Preclinical studies to understand nanoparticle interaction with the immune system and its potential effects on nanoparticle biodistribution

Abstract

Nanoparticles have unique physicochemical properties which make them promising platforms for drug delivery. However, immune cells in the bloodstream (such as monocytes, platelets, leukocytes, and dendritic cells) and in tissues (such as resident phagocytes) have a propensity to engulf and eliminate certain nanoparticles.

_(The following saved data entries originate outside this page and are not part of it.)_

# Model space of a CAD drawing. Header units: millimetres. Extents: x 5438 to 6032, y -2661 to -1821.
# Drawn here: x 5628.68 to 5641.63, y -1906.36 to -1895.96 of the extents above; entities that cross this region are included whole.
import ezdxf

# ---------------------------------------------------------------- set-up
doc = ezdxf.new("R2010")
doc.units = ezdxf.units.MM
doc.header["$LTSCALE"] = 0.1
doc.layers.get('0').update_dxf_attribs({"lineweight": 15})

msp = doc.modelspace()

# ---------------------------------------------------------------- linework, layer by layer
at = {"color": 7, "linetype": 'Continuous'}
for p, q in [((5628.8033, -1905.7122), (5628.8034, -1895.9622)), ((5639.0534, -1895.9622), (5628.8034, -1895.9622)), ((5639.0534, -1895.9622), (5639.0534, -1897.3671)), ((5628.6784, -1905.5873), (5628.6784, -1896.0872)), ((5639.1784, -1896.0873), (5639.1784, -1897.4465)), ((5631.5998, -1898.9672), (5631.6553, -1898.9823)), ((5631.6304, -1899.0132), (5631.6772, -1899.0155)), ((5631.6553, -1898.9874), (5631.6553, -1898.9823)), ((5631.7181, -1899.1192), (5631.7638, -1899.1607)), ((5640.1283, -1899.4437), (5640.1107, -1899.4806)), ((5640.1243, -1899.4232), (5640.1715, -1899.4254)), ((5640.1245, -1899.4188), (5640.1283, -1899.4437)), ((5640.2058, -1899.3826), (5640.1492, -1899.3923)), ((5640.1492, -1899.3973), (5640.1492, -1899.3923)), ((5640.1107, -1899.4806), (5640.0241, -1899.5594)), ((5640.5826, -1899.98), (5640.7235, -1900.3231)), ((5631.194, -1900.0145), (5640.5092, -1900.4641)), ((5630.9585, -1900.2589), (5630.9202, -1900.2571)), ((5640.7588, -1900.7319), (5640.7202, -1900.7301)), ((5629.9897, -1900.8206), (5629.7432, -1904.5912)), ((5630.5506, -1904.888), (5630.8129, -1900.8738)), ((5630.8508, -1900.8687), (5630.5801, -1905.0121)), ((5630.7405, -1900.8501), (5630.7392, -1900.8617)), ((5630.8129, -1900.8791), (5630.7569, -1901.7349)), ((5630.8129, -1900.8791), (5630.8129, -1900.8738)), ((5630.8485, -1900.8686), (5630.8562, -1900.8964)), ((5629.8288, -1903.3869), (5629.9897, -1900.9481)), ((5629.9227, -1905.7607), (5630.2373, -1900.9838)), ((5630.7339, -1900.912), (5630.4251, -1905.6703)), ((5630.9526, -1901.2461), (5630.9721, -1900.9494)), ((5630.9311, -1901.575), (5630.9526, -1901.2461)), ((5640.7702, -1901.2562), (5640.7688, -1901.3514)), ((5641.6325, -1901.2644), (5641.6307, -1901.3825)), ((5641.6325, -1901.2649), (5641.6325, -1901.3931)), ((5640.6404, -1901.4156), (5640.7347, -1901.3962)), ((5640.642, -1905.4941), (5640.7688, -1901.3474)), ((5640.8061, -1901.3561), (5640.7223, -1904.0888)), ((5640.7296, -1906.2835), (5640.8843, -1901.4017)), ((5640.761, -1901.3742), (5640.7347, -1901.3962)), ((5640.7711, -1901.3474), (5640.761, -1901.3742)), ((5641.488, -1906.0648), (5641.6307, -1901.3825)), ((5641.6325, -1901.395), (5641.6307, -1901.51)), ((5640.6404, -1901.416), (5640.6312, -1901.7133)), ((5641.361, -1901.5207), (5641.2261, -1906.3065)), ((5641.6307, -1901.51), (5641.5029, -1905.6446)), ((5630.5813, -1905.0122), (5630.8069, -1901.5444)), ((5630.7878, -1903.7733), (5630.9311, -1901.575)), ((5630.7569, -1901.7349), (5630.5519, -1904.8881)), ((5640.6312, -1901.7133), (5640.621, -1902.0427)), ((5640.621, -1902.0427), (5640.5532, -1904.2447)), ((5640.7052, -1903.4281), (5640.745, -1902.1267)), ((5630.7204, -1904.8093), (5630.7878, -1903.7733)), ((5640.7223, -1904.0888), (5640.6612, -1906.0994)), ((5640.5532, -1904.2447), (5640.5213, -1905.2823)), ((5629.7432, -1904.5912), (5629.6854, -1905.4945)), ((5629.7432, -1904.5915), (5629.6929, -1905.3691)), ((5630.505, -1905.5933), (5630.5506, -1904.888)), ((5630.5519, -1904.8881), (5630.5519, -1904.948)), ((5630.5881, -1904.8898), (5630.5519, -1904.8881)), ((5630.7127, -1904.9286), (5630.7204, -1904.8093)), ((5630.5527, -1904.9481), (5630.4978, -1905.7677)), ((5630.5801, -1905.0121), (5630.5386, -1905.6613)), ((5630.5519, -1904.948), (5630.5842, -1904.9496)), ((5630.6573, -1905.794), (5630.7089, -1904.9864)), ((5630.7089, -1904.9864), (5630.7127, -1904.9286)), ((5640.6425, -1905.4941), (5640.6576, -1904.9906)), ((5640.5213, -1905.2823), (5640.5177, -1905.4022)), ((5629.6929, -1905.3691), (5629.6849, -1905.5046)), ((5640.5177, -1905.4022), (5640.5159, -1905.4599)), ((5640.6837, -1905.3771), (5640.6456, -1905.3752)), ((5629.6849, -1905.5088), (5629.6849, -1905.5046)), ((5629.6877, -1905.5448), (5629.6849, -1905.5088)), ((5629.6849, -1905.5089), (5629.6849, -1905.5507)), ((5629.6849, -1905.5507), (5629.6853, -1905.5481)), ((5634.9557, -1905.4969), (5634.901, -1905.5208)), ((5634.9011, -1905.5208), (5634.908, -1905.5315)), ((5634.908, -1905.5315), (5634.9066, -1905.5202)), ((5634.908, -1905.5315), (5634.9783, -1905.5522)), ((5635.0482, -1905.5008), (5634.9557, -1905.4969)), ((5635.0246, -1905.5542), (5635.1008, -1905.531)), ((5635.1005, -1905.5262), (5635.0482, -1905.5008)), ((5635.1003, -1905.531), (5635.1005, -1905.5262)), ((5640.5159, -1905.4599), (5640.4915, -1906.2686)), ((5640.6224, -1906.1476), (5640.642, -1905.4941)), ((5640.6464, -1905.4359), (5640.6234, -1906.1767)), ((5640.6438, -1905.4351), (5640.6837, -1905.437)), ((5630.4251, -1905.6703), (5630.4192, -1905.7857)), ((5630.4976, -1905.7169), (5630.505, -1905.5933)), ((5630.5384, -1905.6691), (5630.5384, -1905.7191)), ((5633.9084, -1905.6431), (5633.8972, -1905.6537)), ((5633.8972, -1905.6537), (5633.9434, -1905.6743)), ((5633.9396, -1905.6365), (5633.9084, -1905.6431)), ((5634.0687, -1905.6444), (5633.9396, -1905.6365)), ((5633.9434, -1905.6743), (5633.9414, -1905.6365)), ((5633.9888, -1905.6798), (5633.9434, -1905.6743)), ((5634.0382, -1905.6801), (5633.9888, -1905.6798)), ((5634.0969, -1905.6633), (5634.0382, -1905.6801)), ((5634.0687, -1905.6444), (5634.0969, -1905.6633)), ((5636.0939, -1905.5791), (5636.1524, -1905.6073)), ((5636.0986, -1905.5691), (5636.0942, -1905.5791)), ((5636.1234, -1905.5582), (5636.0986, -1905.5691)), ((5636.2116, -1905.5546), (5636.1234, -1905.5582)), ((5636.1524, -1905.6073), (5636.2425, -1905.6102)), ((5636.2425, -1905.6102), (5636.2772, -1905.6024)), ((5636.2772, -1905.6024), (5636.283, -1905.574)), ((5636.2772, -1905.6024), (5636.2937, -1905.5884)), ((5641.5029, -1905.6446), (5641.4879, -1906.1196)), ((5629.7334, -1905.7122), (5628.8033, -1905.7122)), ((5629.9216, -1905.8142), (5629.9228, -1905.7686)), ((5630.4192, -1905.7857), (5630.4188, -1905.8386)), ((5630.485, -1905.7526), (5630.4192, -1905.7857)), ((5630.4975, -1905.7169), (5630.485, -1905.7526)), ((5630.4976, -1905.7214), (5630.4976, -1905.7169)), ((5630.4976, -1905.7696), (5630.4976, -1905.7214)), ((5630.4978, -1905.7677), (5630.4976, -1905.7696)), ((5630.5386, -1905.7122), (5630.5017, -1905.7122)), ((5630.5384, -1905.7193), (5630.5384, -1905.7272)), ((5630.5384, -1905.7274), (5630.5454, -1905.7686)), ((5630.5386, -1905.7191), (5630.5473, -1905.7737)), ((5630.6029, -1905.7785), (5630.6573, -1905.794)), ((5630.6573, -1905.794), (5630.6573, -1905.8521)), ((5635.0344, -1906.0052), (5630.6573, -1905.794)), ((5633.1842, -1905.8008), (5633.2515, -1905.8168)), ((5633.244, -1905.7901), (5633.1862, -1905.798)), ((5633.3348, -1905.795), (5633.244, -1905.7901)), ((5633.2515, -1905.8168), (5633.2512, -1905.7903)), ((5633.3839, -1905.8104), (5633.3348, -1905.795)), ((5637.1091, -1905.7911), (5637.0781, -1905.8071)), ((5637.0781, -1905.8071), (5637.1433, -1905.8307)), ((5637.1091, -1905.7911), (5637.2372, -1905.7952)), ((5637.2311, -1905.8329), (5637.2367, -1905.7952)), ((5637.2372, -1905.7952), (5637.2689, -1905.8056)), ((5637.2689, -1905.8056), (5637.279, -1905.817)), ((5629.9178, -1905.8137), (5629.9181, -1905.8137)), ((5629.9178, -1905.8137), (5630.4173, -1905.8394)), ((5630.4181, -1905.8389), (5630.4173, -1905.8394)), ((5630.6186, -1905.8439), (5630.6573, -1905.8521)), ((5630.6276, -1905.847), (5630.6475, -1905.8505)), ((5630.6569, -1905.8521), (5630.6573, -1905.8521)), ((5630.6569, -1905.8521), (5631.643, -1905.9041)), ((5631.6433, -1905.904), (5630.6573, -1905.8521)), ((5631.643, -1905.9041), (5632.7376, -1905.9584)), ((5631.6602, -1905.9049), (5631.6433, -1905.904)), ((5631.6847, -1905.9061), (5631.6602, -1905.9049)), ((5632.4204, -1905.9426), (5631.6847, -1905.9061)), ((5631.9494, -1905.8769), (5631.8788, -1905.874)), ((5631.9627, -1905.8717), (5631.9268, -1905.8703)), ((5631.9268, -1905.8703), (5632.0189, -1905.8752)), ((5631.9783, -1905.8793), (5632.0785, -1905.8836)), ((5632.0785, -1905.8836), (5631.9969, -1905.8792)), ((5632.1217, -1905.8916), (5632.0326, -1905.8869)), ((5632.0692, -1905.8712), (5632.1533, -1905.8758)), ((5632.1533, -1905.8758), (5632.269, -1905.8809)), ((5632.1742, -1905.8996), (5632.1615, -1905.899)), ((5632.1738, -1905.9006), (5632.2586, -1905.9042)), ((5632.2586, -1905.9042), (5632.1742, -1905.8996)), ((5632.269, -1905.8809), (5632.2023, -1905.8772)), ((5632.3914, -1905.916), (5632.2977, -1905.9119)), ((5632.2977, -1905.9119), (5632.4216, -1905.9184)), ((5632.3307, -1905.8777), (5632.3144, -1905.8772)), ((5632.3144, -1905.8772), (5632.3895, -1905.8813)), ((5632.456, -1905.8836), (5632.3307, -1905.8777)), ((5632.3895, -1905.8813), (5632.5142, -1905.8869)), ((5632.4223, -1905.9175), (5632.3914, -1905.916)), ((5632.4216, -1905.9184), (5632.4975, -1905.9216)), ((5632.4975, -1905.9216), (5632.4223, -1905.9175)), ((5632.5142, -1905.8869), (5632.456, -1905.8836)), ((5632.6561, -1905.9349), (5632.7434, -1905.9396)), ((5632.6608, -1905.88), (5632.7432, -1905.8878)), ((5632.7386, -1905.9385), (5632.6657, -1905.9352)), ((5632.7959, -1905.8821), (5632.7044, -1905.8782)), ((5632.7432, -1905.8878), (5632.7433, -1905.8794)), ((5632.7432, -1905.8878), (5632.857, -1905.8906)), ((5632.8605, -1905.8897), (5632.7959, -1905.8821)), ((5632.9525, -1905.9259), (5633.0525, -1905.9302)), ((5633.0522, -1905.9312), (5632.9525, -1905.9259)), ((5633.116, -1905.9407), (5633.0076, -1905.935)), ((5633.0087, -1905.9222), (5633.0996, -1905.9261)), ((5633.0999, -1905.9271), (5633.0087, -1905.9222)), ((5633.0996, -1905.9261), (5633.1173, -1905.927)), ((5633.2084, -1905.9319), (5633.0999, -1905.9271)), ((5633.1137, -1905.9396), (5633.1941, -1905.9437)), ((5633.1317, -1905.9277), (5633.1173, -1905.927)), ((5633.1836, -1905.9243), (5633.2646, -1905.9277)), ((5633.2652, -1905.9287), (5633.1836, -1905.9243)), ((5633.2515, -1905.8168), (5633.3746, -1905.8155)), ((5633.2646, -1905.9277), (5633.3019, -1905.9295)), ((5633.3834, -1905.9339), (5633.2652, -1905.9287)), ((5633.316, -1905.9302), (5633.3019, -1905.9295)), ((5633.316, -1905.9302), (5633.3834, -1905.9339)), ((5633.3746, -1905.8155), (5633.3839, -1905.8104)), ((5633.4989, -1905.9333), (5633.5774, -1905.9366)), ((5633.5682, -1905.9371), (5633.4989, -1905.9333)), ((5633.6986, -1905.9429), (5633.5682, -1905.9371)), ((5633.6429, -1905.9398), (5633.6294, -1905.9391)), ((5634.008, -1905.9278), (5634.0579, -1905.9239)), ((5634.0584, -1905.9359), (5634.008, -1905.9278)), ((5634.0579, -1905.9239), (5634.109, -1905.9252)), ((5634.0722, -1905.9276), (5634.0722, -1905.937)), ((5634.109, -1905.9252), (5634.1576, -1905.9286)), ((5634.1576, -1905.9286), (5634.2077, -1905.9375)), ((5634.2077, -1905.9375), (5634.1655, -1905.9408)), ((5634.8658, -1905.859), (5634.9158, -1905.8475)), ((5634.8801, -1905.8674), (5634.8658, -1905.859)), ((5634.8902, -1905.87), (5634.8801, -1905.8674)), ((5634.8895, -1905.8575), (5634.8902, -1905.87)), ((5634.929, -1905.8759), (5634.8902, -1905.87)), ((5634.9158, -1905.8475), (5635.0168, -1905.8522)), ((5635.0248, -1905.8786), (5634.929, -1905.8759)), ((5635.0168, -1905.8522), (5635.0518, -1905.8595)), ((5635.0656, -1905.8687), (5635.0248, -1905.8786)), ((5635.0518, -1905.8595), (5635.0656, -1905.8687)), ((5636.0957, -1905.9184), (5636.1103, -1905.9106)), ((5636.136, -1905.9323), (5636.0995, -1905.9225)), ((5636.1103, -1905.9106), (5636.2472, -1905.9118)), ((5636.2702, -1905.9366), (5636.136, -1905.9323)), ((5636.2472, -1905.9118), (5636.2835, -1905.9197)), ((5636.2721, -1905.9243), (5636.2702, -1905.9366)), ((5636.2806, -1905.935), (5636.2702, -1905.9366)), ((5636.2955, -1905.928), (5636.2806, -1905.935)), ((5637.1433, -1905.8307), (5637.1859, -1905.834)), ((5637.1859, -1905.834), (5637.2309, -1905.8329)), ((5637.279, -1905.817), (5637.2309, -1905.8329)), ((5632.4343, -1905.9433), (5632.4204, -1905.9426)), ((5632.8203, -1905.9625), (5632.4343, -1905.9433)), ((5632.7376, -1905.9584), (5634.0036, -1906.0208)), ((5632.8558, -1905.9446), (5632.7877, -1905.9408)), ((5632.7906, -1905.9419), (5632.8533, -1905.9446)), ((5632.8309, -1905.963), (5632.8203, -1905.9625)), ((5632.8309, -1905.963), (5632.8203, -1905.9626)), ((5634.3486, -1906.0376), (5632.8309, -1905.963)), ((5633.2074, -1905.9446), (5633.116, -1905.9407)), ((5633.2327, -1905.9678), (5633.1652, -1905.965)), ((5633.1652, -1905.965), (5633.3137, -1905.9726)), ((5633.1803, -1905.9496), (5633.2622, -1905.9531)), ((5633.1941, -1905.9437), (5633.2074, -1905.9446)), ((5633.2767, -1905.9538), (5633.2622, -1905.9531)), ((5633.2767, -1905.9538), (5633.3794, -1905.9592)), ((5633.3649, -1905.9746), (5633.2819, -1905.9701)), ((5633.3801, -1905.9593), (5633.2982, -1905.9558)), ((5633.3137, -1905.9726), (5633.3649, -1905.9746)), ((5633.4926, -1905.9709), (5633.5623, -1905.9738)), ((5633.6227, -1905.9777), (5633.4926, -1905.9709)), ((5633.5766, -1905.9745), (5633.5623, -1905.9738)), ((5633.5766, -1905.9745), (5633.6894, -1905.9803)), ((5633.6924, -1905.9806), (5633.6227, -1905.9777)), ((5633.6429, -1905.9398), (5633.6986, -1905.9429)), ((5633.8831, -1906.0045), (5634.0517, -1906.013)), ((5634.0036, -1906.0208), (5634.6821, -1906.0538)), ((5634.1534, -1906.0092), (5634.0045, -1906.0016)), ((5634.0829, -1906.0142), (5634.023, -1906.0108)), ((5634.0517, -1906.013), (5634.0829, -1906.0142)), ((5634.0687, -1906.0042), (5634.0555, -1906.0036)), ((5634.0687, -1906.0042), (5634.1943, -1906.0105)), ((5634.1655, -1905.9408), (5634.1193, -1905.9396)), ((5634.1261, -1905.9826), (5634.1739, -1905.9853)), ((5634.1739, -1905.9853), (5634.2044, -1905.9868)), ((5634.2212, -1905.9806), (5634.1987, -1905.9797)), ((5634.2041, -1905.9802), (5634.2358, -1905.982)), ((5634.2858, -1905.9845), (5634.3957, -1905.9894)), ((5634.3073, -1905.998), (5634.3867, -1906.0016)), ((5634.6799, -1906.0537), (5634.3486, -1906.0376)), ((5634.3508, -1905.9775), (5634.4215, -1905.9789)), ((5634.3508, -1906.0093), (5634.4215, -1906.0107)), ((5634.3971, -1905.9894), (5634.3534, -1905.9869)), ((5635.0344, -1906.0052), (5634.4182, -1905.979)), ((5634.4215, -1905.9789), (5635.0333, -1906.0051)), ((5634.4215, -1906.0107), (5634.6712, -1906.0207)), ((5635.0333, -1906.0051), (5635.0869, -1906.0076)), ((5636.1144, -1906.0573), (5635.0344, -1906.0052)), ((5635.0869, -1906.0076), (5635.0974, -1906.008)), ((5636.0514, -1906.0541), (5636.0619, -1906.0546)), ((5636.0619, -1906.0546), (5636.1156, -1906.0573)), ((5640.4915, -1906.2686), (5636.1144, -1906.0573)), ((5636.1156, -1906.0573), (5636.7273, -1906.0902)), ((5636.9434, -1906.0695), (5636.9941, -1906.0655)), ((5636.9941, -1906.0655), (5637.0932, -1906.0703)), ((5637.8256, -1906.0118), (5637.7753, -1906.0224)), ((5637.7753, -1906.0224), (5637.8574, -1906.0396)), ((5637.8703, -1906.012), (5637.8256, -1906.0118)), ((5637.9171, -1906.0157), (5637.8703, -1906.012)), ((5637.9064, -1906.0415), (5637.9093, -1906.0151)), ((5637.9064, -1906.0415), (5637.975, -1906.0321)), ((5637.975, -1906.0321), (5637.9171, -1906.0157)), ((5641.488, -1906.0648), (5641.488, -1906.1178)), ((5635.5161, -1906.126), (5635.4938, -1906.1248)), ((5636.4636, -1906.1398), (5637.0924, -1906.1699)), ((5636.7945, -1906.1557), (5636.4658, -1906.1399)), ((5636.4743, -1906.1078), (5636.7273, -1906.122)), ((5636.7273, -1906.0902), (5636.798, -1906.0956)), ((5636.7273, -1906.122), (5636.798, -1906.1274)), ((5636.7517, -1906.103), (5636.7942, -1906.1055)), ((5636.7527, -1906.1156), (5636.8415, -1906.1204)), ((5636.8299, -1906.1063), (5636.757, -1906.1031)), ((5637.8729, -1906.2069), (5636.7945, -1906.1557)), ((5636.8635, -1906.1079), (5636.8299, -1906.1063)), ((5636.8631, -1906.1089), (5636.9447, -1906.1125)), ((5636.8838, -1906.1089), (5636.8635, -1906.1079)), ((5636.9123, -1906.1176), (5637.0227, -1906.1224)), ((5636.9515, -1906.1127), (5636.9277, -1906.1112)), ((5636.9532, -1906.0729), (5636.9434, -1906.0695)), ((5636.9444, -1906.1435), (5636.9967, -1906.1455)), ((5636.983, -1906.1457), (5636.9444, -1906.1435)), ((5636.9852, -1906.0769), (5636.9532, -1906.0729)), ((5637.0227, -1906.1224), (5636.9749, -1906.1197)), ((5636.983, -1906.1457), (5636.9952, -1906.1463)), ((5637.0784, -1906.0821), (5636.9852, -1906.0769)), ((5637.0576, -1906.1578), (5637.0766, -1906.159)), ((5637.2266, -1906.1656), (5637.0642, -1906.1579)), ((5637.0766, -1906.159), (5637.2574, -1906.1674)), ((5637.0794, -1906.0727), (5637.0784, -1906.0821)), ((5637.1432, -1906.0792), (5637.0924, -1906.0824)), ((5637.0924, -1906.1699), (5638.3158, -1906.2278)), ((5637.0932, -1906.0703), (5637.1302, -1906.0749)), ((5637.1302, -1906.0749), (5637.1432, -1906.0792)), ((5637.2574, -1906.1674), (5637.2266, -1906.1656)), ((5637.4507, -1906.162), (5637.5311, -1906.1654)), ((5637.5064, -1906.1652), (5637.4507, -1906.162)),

A nanoparticle's interaction with plasma proteins (opsonins) and blood components (via hemolysis, thrombogenicity and complement activation) may influence uptake and clearance and hence potentially affect distribution and delivery to the intended target sites. Nanoparticle uptake by the immune cells is influenced by many factors. Different nanoparticles have been shown to act on different pathways, while various characteristics/properties also affect which pathway is employed for particle internalization. Nanoparticle protein binding occurs almost instantaneously once the particle enters biological medium, and the physical properties of such a particle-protein complex are often different than those of the formulated particle. These new properties can contribute to different biological responses and change nanoparticle biodistribution. Therefore, in the situation when specific delivery to immune cells is not desired, the ideal nanoparticle platform is the one whose integrity is not disturbed in the complex biological environment, which provides extended circulation in the blood to maximize delivery to the target site, is not toxic to blood cellular components, and is "invisible" to the immune cells which can remove it from circulation. This review discusses the most recent data on nanoparticle interactions with blood components and how particle size and surface charge define their hematocompatibility. This includes properties which determine particle interaction with plasma proteins and uptake by macrophages. We will also provide an overview of in vitro methods useful in identifying interactions with components of the immune system and the potential effects of such interaction on particle distribution to tissues.

Figure 1

Complement activation: friend or foe? The complement system serves as a nonspecific pathogen clearance aid, which complements humoral and cell-mediated immunity. Undesirable activation of the complement system results in hypersensitivity reactions, and overwhelming activation may even lead to anaphylactic shock. For this reason, it is frequently desirable to design nanoparticles intended for systemic administration such as to avoid complement activation. However, in addition to its primary role in pathogen clearance, the complement system also promotes humoral and cell-mediated immunity. Local activation of complement by nanoparticles administered via subcutaneous and intradermal routes may benefit vaccine efficacy. Nanotechnology-based pharmaceuticals are frequently composed of multiple components with varying compositions, size, and surface properties which may be engineered to achieve desirable properties.

Figure 2

Role of protein binding on nanoparticle distribution to immune cells. Nanoparticle surface properties largely determine particle interaction with plasma proteins. Unprotected nanoparticles, such as citrate-stabilized colloidal gold, rapidly bind plasma proteins (this can be analyzed by particle separation from bulk plasma, removal of surface bound proteins and analysis by 2D PAGE). After opsonization with human plasma, these particles are taken up by macrophages. Here, transmission electron microscopy (TEM) micrographs of macrophages demonstrate particle accumulation inside cells. In contrast, PEGylated gold particles bind less protein (as can be seen by 2D PAGE) and are not taken up by macrophages (as can be seen from TEM images).

Figure 3

Particle fate inside the immune cell is largely determined by its composition. Biodegradable particles are digested and cleared from the body, while nonbiodegradable particles accumulate in cells for extended periods. Processing of multicomponent, multifunctional nanoparticles is more complex, and more studies are required to answer questions regarding the fates of the individual components of these particles.

Figure 4

Points to consider during assay development. Nanoparticles differ in size, composition, and surface characteristics. These differences may cause spurious experimental outcomes if the properties of the particle are poorly understood. The main challenge in nanoparticle characterization using traditional techniques is identifying potential nanoparticle interferences (and then overcoming them) to avoid false-positive and false-negative results. The particle properties responsible for false-positive and false-negative results are summarized in this diagram. Examples are given as type of nanoparticle - assay in which they cause interference. Abbreviations: PSN, polystyrene nanoparticle; cAU-NP, citrate-stabilized gold nanoparticles (colloidal gold); Dox, doxorubicin; QD, quantum dots; LAL, limulus amoebocyte lysate; ELISA, enzyme linked immunosorbent assay; NP, nanoparticle; NE, nanoemulsion.